(Saved entries)
[Start of Attachment]

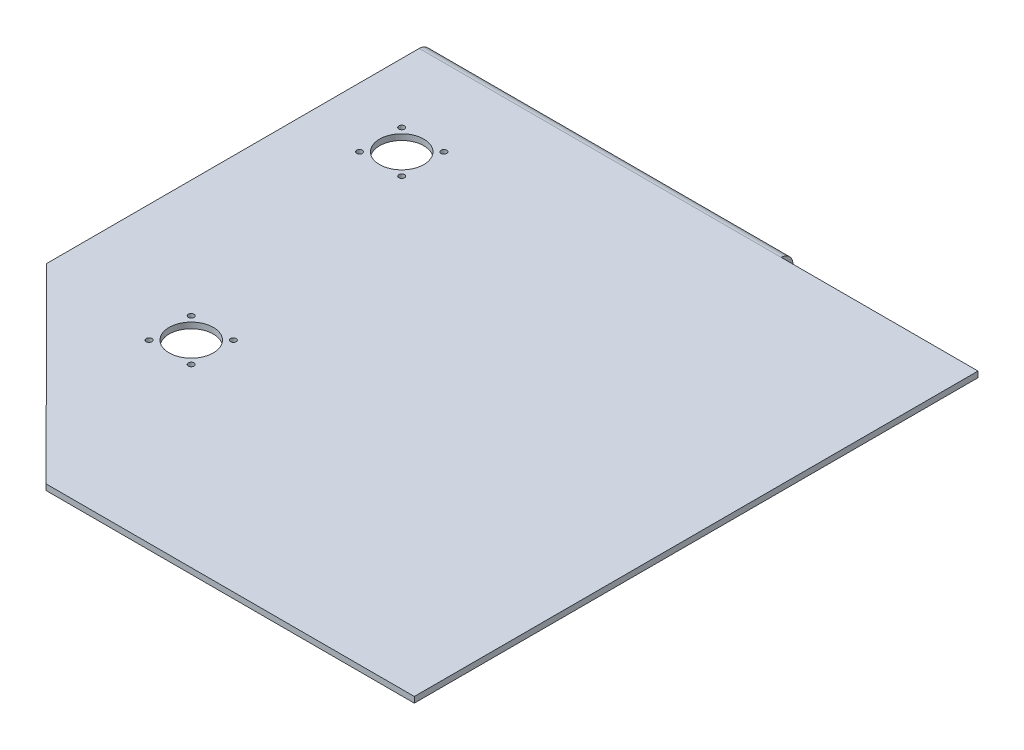
ISO-10303-21;
HEADER;
FILE_DESCRIPTION(('STEP AP214'),'2;1');
FILE_NAME('part.step','',(''),(''),'','','');
FILE_SCHEMA(('AUTOMOTIVE_DESIGN { 1 0 10303 214 1 1 1 1 }'));
ENDSEC;
DATA;
#1=APPLICATION_CONTEXT('core data for automotive mechanical design processes');
#2=APPLICATION_PROTOCOL_DEFINITION('international standard','automotive_design',2000,#1);
#3=PRODUCT_CONTEXT('',#1,'mechanical');
#4=PRODUCT('Part','Part','',(#3));
#5=PRODUCT_RELATED_PRODUCT_CATEGORY('part','',(#4));
#6=PRODUCT_DEFINITION_FORMATION('','',#4);
#7=PRODUCT_DEFINITION_CONTEXT('part definition',#1,'design');
#8=PRODUCT_DEFINITION('design','',#6,#7);
#9=PRODUCT_DEFINITION_SHAPE('','',#8);
#10=(LENGTH_UNIT() NAMED_UNIT(*) SI_UNIT(.MILLI.,.METRE.));
#11=(NAMED_UNIT(*) PLANE_ANGLE_UNIT() SI_UNIT($,.RADIAN.));
#12=(NAMED_UNIT(*) SI_UNIT($,.STERADIAN.) SOLID_ANGLE_UNIT());
#13=UNCERTAINTY_MEASURE_WITH_UNIT(LENGTH_MEASURE(1.E-05),#10,'distance_accuracy_value','');
#14=(GEOMETRIC_REPRESENTATION_CONTEXT(3) GLOBAL_UNCERTAINTY_ASSIGNED_CONTEXT((#13)) GLOBAL_UNIT_ASSIGNED_CONTEXT((#10,
#11,#12)) REPRESENTATION_CONTEXT('',''));
#15=CARTESIAN_POINT('',(0.,0.,0.));
#16=DIRECTION('',(0.,0.,1.));
#17=DIRECTION('',(1.,0.,0.));
#18=AXIS2_PLACEMENT_3D('',#15,#16,#17);
#19=CARTESIAN_POINT('',(50.8,-3.175,-290.95699999996));
#20=DIRECTION('',(0.,0.,-1.));
#21=DIRECTION('',(-1.,0.,0.));
#22=AXIS2_PLACEMENT_3D('',#19,#20,#21);
#23=PLANE('',#22);
#24=DIRECTION('',(-1.,0.,0.));
#25=VECTOR('',#24,1.);
#26=CARTESIAN_POINT('',(50.8,-3.175,-290.95699999996));
#27=LINE('',#26,#25);
#28=CARTESIAN_POINT('',(355.6,-3.175,-290.95699999996));
#29=VERTEX_POINT('',#28);
#30=CARTESIAN_POINT('',(248.312880055998,-3.17500000000001,-290.95699999996));
#31=VERTEX_POINT('',#30);
#32=EDGE_CURVE('E256',#29,#31,#27,.T.);
#33=ORIENTED_EDGE('',*,*,#32,.T.);
#34=DIRECTION('',(0.,1.,0.));
#35=VECTOR('',#34,1.);
#36=CARTESIAN_POINT('',(248.312880055998,-3.17500000000001,-290.95699999996));
#37=LINE('',#36,#35);
#38=CARTESIAN_POINT('',(248.312880055998,0.,-290.95699999996));
#39=VERTEX_POINT('',#38);
#40=EDGE_CURVE('E245',#31,#39,#37,.T.);
#41=ORIENTED_EDGE('',*,*,#40,.T.);
#42=DIRECTION('',(-1.,0.,0.));
#43=VECTOR('',#42,1.);
#44=CARTESIAN_POINT('',(50.8,0.,-290.95699999996));
#45=LINE('',#44,#43);
#46=CARTESIAN_POINT('',(355.6,0.,-290.95699999996));
#47=VERTEX_POINT('',#46);
#48=EDGE_CURVE('E269',#47,#39,#45,.T.);
#49=ORIENTED_EDGE('',*,*,#48,.F.);
#50=DIRECTION('',(0.,1.,0.));
#51=VECTOR('',#50,1.);
#52=CARTESIAN_POINT('',(355.6,-3.175,-290.95699999996));
#53=LINE('',#52,#51);
#54=EDGE_CURVE('E110',#29,#47,#53,.T.);
#55=ORIENTED_EDGE('',*,*,#54,.F.);
#56=EDGE_LOOP('',(#33,#41,#49,#55));
#57=FACE_BOUND('',#56,.T.);
#58=ADVANCED_FACE('F106',(#57),#23,.T.);
#59=CARTESIAN_POINT('',(355.6,-3.175,16.5100000000389));
#60=DIRECTION('',(1.,0.,0.));
#61=DIRECTION('',(0.,0.,-1.));
#62=AXIS2_PLACEMENT_3D('',#59,#60,#61);
#63=PLANE('',#62);
#64=DIRECTION('',(0.,0.,-1.));
#65=VECTOR('',#64,1.);
#66=CARTESIAN_POINT('',(355.6,0.,16.5100000000389));
#67=LINE('',#66,#65);
#68=CARTESIAN_POINT('',(355.6,0.,16.5100000000389));
#69=VERTEX_POINT('',#68);
#70=EDGE_CURVE('E253',#69,#47,#67,.T.);
#71=ORIENTED_EDGE('',*,*,#70,.F.);
#72=DIRECTION('',(0.,1.,0.));
#73=VECTOR('',#72,1.);
#74=CARTESIAN_POINT('',(355.6,-3.175,16.5100000000389));
#75=LINE('',#74,#73);
#76=CARTESIAN_POINT('',(355.6,-3.175,16.5100000000389));
#77=VERTEX_POINT('',#76);
#78=EDGE_CURVE('E13',#77,#69,#75,.T.);
#79=ORIENTED_EDGE('',*,*,#78,.F.);
#80=DIRECTION('',(0.,0.,-1.));
#81=VECTOR('',#80,1.);
#82=CARTESIAN_POINT('',(355.6,-3.175,16.5100000000389));
#83=LINE('',#82,#81);
#84=EDGE_CURVE('E254',#77,#29,#83,.T.);
#85=ORIENTED_EDGE('',*,*,#84,.T.);
#86=ORIENTED_EDGE('',*,*,#54,.T.);
#87=EDGE_LOOP('',(#71,#79,#85,#86));
#88=FACE_BOUND('',#87,.T.);
#89=ADVANCED_FACE('F108',(#88),#63,.T.);
#90=CARTESIAN_POINT('',(154.686,-3.175,16.5100000000389));
#91=DIRECTION('',(0.,0.,1.));
#92=DIRECTION('',(1.,0.,0.));
#93=AXIS2_PLACEMENT_3D('',#90,#91,#92);
#94=PLANE('',#93);
#95=DIRECTION('',(1.,0.,0.));
#96=VECTOR('',#95,1.);
#97=CARTESIAN_POINT('',(154.686,0.,16.5100000000389));
#98=LINE('',#97,#96);
#99=CARTESIAN_POINT('',(154.686,0.,16.5100000000389));
#100=VERTEX_POINT('',#99);
#101=EDGE_CURVE('E257',#100,#69,#98,.T.);
#102=ORIENTED_EDGE('',*,*,#101,.F.);
#103=DIRECTION('',(0.,1.,0.));
#104=VECTOR('',#103,1.);
#105=CARTESIAN_POINT('',(154.686,-3.175,16.5100000000389));
#106=LINE('',#105,#104);
#107=CARTESIAN_POINT('',(154.686,-3.175,16.5100000000389));
#108=VERTEX_POINT('',#107);
#109=EDGE_CURVE('E115',#108,#100,#106,.T.);
#110=ORIENTED_EDGE('',*,*,#109,.F.);
#111=DIRECTION('',(1.,0.,0.));
#112=VECTOR('',#111,1.);
#113=CARTESIAN_POINT('',(154.686,-3.175,16.5100000000389));
#114=LINE('',#113,#112);
#115=EDGE_CURVE('E265',#108,#77,#114,.T.);
#116=ORIENTED_EDGE('',*,*,#115,.T.);
#117=ORIENTED_EDGE('',*,*,#78,.T.);
#118=EDGE_LOOP('',(#102,#110,#116,#117));
#119=FACE_BOUND('',#118,.T.);
#120=ADVANCED_FACE('F289',(#119),#94,.T.);
#121=CARTESIAN_POINT('',(50.8,-3.175,-87.7569999999603));
#122=DIRECTION('',(-0.708399871716806,0.,0.705811321637457));
#123=DIRECTION('',(0.705811321637457,0.,0.708399871716806));
#124=AXIS2_PLACEMENT_3D('',#121,#122,#123);
#125=PLANE('',#124);
#126=DIRECTION('',(0.705811321637457,0.,0.708399871716806));
#127=VECTOR('',#126,1.);
#128=CARTESIAN_POINT('',(50.8,0.,-87.7569999999603));
#129=LINE('',#128,#127);
#130=CARTESIAN_POINT('',(50.8,0.,-87.7569999999603));
#131=VERTEX_POINT('',#130);
#132=EDGE_CURVE('E275',#131,#100,#129,.T.);
#133=ORIENTED_EDGE('',*,*,#132,.F.);
#134=DIRECTION('',(0.,1.,0.));
#135=VECTOR('',#134,1.);
#136=CARTESIAN_POINT('',(50.8,-3.175,-87.7569999999603));
#137=LINE('',#136,#135);
#138=CARTESIAN_POINT('',(50.8,-3.175,-87.7569999999603));
#139=VERTEX_POINT('',#138);
#140=EDGE_CURVE('E281',#139,#131,#137,.T.);
#141=ORIENTED_EDGE('',*,*,#140,.F.);
#142=DIRECTION('',(0.705811321637457,0.,0.708399871716806));
#143=VECTOR('',#142,1.);
#144=CARTESIAN_POINT('',(50.8,-3.175,-87.7569999999603));
#145=LINE('',#144,#143);
#146=EDGE_CURVE('E262',#139,#108,#145,.T.);
#147=ORIENTED_EDGE('',*,*,#146,.T.);
#148=ORIENTED_EDGE('',*,*,#109,.T.);
#149=EDGE_LOOP('',(#133,#141,#147,#148));
#150=FACE_BOUND('',#149,.T.);
#151=ADVANCED_FACE('F293',(#150),#125,.T.);
#152=CARTESIAN_POINT('',(50.8,-3.175,-87.7569999999603));
#153=DIRECTION('',(-1.,0.,0.));
#154=DIRECTION('',(0.,0.,1.));
#155=AXIS2_PLACEMENT_3D('',#152,#153,#154);
#156=PLANE('',#155);
#157=DIRECTION('',(0.,0.,1.));
#158=VECTOR('',#157,1.);
#159=CARTESIAN_POINT('',(50.8,0.,-87.7569999999603));
#160=LINE('',#159,#158);
#161=CARTESIAN_POINT('',(50.7999999999999,0.,-290.95699999996));
#162=VERTEX_POINT('',#161);
#163=EDGE_CURVE('E272',#162,#131,#160,.T.);
#164=ORIENTED_EDGE('',*,*,#163,.F.);
#165=DIRECTION('',(0.,1.,0.));
#166=VECTOR('',#165,1.);
#167=CARTESIAN_POINT('',(50.8,-3.175,-290.95699999996));
#168=LINE('',#167,#166);
#169=CARTESIAN_POINT('',(50.7999999999999,-3.17500000000001,-290.95699999996));
#170=VERTEX_POINT('',#169);
#171=EDGE_CURVE('E282',#170,#162,#168,.T.);
#172=ORIENTED_EDGE('',*,*,#171,.F.);
#173=DIRECTION('',(0.,0.,1.));
#174=VECTOR('',#173,1.);
#175=CARTESIAN_POINT('',(50.8,-3.175,-87.7569999999603));
#176=LINE('',#175,#174);
#177=EDGE_CURVE('E259',#170,#139,#176,.T.);
#178=ORIENTED_EDGE('',*,*,#177,.T.);
#179=ORIENTED_EDGE('',*,*,#140,.T.);
#180=EDGE_LOOP('',(#164,#172,#178,#179));
#181=FACE_BOUND('',#180,.T.);
#182=ADVANCED_FACE('F304',(#181),#156,.T.);
#183=CARTESIAN_POINT('',(0.,-3.175,0.));
#184=DIRECTION('',(0.,-1.,0.));
#185=DIRECTION('',(0.,0.,-1.));
#186=AXIS2_PLACEMENT_3D('',#183,#184,#185);
#187=PLANE('',#186);
#188=CARTESIAN_POINT('',(83.3749999999975,-3.175,-248.833155378787));
#189=DIRECTION('',(0.,1.,0.));
#190=DIRECTION('',(0.,0.,1.));
#191=AXIS2_PLACEMENT_3D('',#188,#189,#190);
#192=CIRCLE('',#191,1.55);
#193=CARTESIAN_POINT('',(83.3749999999975,-3.175,-247.283155378787));
#194=VERTEX_POINT('',#193);
#195=EDGE_CURVE('E413',#194,#194,#192,.T.);
#196=ORIENTED_EDGE('',*,*,#195,.T.);
#197=EDGE_LOOP('',(#196));
#198=FACE_BOUND('',#197,.T.);
#199=CARTESIAN_POINT('',(94.8749999999976,-3.175,-237.333155378788));
#200=DIRECTION('',(0.,1.,0.));
#201=DIRECTION('',(0.,0.,1.));
#202=AXIS2_PLACEMENT_3D('',#199,#200,#201);
#203=CIRCLE('',#202,12.065);
#204=CARTESIAN_POINT('',(94.8749999999976,-3.175,-225.268155378788));
#205=VERTEX_POINT('',#204);
#206=EDGE_CURVE('E405',#205,#205,#203,.T.);
#207=ORIENTED_EDGE('',*,*,#206,.T.);
#208=EDGE_LOOP('',(#207));
#209=FACE_BOUND('',#208,.T.);
#210=CARTESIAN_POINT('',(106.374999999996,-3.175,-248.833155378787));
#211=DIRECTION('',(0.,1.,0.));
#212=DIRECTION('',(0.,0.,1.));
#213=AXIS2_PLACEMENT_3D('',#210,#211,#212);
#214=CIRCLE('',#213,1.55);
#215=CARTESIAN_POINT('',(106.374999999996,-3.175,-247.283155378787));
#216=VERTEX_POINT('',#215);
#217=EDGE_CURVE('E426',#216,#216,#214,.T.);
#218=ORIENTED_EDGE('',*,*,#217,.T.);
#219=EDGE_LOOP('',(#218));
#220=FACE_BOUND('',#219,.T.);
#221=CARTESIAN_POINT('',(106.374999999996,-3.175,-225.833155378788));
#222=DIRECTION('',(0.,1.,0.));
#223=DIRECTION('',(0.,0.,1.));
#224=AXIS2_PLACEMENT_3D('',#221,#222,#223);
#225=CIRCLE('',#224,1.55);
#226=CARTESIAN_POINT('',(106.374999999996,-3.175,-224.283155378788));
#227=VERTEX_POINT('',#226);
#228=EDGE_CURVE('E419',#227,#227,#225,.T.);
#229=ORIENTED_EDGE('',*,*,#228,.T.);
#230=EDGE_LOOP('',(#229));
#231=FACE_BOUND('',#230,.T.);
#232=CARTESIAN_POINT('',(126.41996,-3.175,-90.9661553787875));
#233=DIRECTION('',(0.,1.,0.));
#234=DIRECTION('',(0.,0.,1.));
#235=AXIS2_PLACEMENT_3D('',#232,#233,#234);
#236=CIRCLE('',#235,12.065);
#237=CARTESIAN_POINT('',(126.41996,-3.175,-78.9011553787875));
#238=VERTEX_POINT('',#237);
#239=EDGE_CURVE('E437',#238,#238,#236,.T.);
#240=ORIENTED_EDGE('',*,*,#239,.T.);
#241=EDGE_LOOP('',(#240));
#242=FACE_BOUND('',#241,.T.);
#243=CARTESIAN_POINT('',(114.91996,-3.175,-102.466155378787));
#244=DIRECTION('',(0.,1.,0.));
#245=DIRECTION('',(0.,0.,1.));
#246=AXIS2_PLACEMENT_3D('',#243,#244,#245);
#247=CIRCLE('',#246,1.55);
#248=CARTESIAN_POINT('',(114.91996,-3.175,-100.916155378787));
#249=VERTEX_POINT('',#248);
#250=EDGE_CURVE('E431',#249,#249,#247,.T.);
#251=ORIENTED_EDGE('',*,*,#250,.T.);
#252=EDGE_LOOP('',(#251));
#253=FACE_BOUND('',#252,.T.);
#254=CARTESIAN_POINT('',(137.919959999998,-3.175,-102.466155378787));
#255=DIRECTION('',(0.,1.,0.));
#256=DIRECTION('',(0.,0.,1.));
#257=AXIS2_PLACEMENT_3D('',#254,#255,#256);
#258=CIRCLE('',#257,1.55000000000001);
#259=CARTESIAN_POINT('',(137.919959999998,-3.175,-100.916155378787));
#260=VERTEX_POINT('',#259);
#261=EDGE_CURVE('E448',#260,#260,#258,.T.);
#262=ORIENTED_EDGE('',*,*,#261,.T.);
#263=EDGE_LOOP('',(#262));
#264=FACE_BOUND('',#263,.T.);
#265=CARTESIAN_POINT('',(137.919959999998,-3.175,-79.4661553787875));
#266=DIRECTION('',(0.,1.,0.));
#267=DIRECTION('',(0.,0.,1.));
#268=AXIS2_PLACEMENT_3D('',#265,#266,#267);
#269=CIRCLE('',#268,1.55000000000001);
#270=CARTESIAN_POINT('',(137.919959999998,-3.175,-77.9161553787876));
#271=VERTEX_POINT('',#270);
#272=EDGE_CURVE('E412',#271,#271,#269,.T.);
#273=ORIENTED_EDGE('',*,*,#272,.T.);
#274=EDGE_LOOP('',(#273));
#275=FACE_BOUND('',#274,.T.);
#276=CARTESIAN_POINT('',(114.91996,-3.175,-79.4661553787875));
#277=DIRECTION('',(0.,1.,0.));
#278=DIRECTION('',(0.,0.,1.));
#279=AXIS2_PLACEMENT_3D('',#276,#277,#278);
#280=CIRCLE('',#279,1.55);
#281=CARTESIAN_POINT('',(114.91996,-3.175,-77.9161553787876));
#282=VERTEX_POINT('',#281);
#283=EDGE_CURVE('E396',#282,#282,#280,.T.);
#284=ORIENTED_EDGE('',*,*,#283,.T.);
#285=EDGE_LOOP('',(#284));
#286=FACE_BOUND('',#285,.T.);
#287=CARTESIAN_POINT('',(83.3749999999975,-3.175,-225.833155378788));
#288=DIRECTION('',(0.,1.,0.));
#289=DIRECTION('',(0.,0.,1.));
#290=AXIS2_PLACEMENT_3D('',#287,#288,#289);
#291=CIRCLE('',#290,1.55);
#292=CARTESIAN_POINT('',(83.3749999999975,-3.175,-224.283155378788));
#293=VERTEX_POINT('',#292);
#294=EDGE_CURVE('E242',#293,#293,#291,.T.);
#295=ORIENTED_EDGE('',*,*,#294,.T.);
#296=EDGE_LOOP('',(#295));
#297=FACE_BOUND('',#296,.T.);
#298=ORIENTED_EDGE('',*,*,#84,.F.);
#299=ORIENTED_EDGE('',*,*,#115,.F.);
#300=ORIENTED_EDGE('',*,*,#146,.F.);
#301=ORIENTED_EDGE('',*,*,#177,.F.);
#302=DIRECTION('',(1.,0.,0.));
#303=VECTOR('',#302,1.);
#304=CARTESIAN_POINT('',(248.312880055998,-3.17500000000001,-290.95699999996));
#305=LINE('',#304,#303);
#306=EDGE_CURVE('E249',#31,#170,#305,.F.);
#307=ORIENTED_EDGE('',*,*,#306,.F.);
#308=ORIENTED_EDGE('',*,*,#32,.F.);
#309=EDGE_LOOP('',(#298,#299,#300,#301,#307,#308));
#310=FACE_BOUND('',#309,.T.);
#311=ADVANCED_FACE('F296',(#198,#209,#220,#231,#242,#253,#264,#275,#286,#297,#310),#187,.T.);
#312=CARTESIAN_POINT('',(0.,0.,0.));
#313=DIRECTION('',(0.,-1.,0.));
#314=DIRECTION('',(0.,0.,-1.));
#315=AXIS2_PLACEMENT_3D('',#312,#313,#314);
#316=PLANE('',#315);
#317=CARTESIAN_POINT('',(83.3749999999975,0.,-248.833155378787));
#318=DIRECTION('',(0.,1.,0.));
#319=DIRECTION('',(0.,0.,1.));
#320=AXIS2_PLACEMENT_3D('',#317,#318,#319);
#321=CIRCLE('',#320,1.55);
#322=CARTESIAN_POINT('',(83.3749999999975,0.,-247.283155378787));
#323=VERTEX_POINT('',#322);
#324=EDGE_CURVE('E408',#323,#323,#321,.T.);
#325=ORIENTED_EDGE('',*,*,#324,.F.);
#326=EDGE_LOOP('',(#325));
#327=FACE_BOUND('',#326,.T.);
#328=CARTESIAN_POINT('',(94.8749999999976,0.,-237.333155378788));
#329=DIRECTION('',(0.,1.,0.));
#330=DIRECTION('',(0.,0.,1.));
#331=AXIS2_PLACEMENT_3D('',#328,#329,#330);
#332=CIRCLE('',#331,12.065);
#333=CARTESIAN_POINT('',(94.8749999999976,0.,-225.268155378788));
#334=VERTEX_POINT('',#333);
#335=EDGE_CURVE('E409',#334,#334,#332,.T.);
#336=ORIENTED_EDGE('',*,*,#335,.F.);
#337=EDGE_LOOP('',(#336));
#338=FACE_BOUND('',#337,.T.);
#339=CARTESIAN_POINT('',(106.374999999996,0.,-248.833155378787));
#340=DIRECTION('',(0.,1.,0.));
#341=DIRECTION('',(0.,0.,1.));
#342=AXIS2_PLACEMENT_3D('',#339,#340,#341);
#343=CIRCLE('',#342,1.55);
#344=CARTESIAN_POINT('',(106.374999999996,0.,-247.283155378787));
#345=VERTEX_POINT('',#344);
#346=EDGE_CURVE('E416',#345,#345,#343,.T.);
#347=ORIENTED_EDGE('',*,*,#346,.F.);
#348=EDGE_LOOP('',(#347));
#349=FACE_BOUND('',#348,.T.);
#350=CARTESIAN_POINT('',(106.374999999996,0.,-225.833155378788));
#351=DIRECTION('',(0.,1.,0.));
#352=DIRECTION('',(0.,0.,1.));
#353=AXIS2_PLACEMENT_3D('',#350,#351,#352);
#354=CIRCLE('',#353,1.55);
#355=CARTESIAN_POINT('',(106.374999999996,0.,-224.283155378788));
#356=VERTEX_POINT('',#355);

[End of Attachment]

__What to produce__
Of the entries above, repeat exactly the lines between the line with "#144=CARTESIAN_POINT('',(50.8,-3.175,-87.7569999999603));" and the line with "#157=DIRECTION('',(0.,0.,1.));", inclusive, and no others.

__Response below__
#144=CARTESIAN_POINT('',(50.8,-3.175,-87.7569999999603));
#145=LINE('',#144,#143);
#146=EDGE_CURVE('E262',#139,#108,#145,.T.);
#147=ORIENTED_EDGE('',*,*,#146,.T.);
#148=ORIENTED_EDGE('',*,*,#109,.T.);
#149=EDGE_LOOP('',(#133,#141,#147,#148));
#150=FACE_BOUND('',#149,.T.);
#151=ADVANCED_FACE('F293',(#150),#125,.T.);
#152=CARTESIAN_POINT('',(50.8,-3.175,-87.7569999999603));
#153=DIRECTION('',(-1.,0.,0.));
#154=DIRECTION('',(0.,0.,1.));
#155=AXIS2_PLACEMENT_3D('',#152,#153,#154);
#156=PLANE('',#155);
#157=DIRECTION('',(0.,0.,1.));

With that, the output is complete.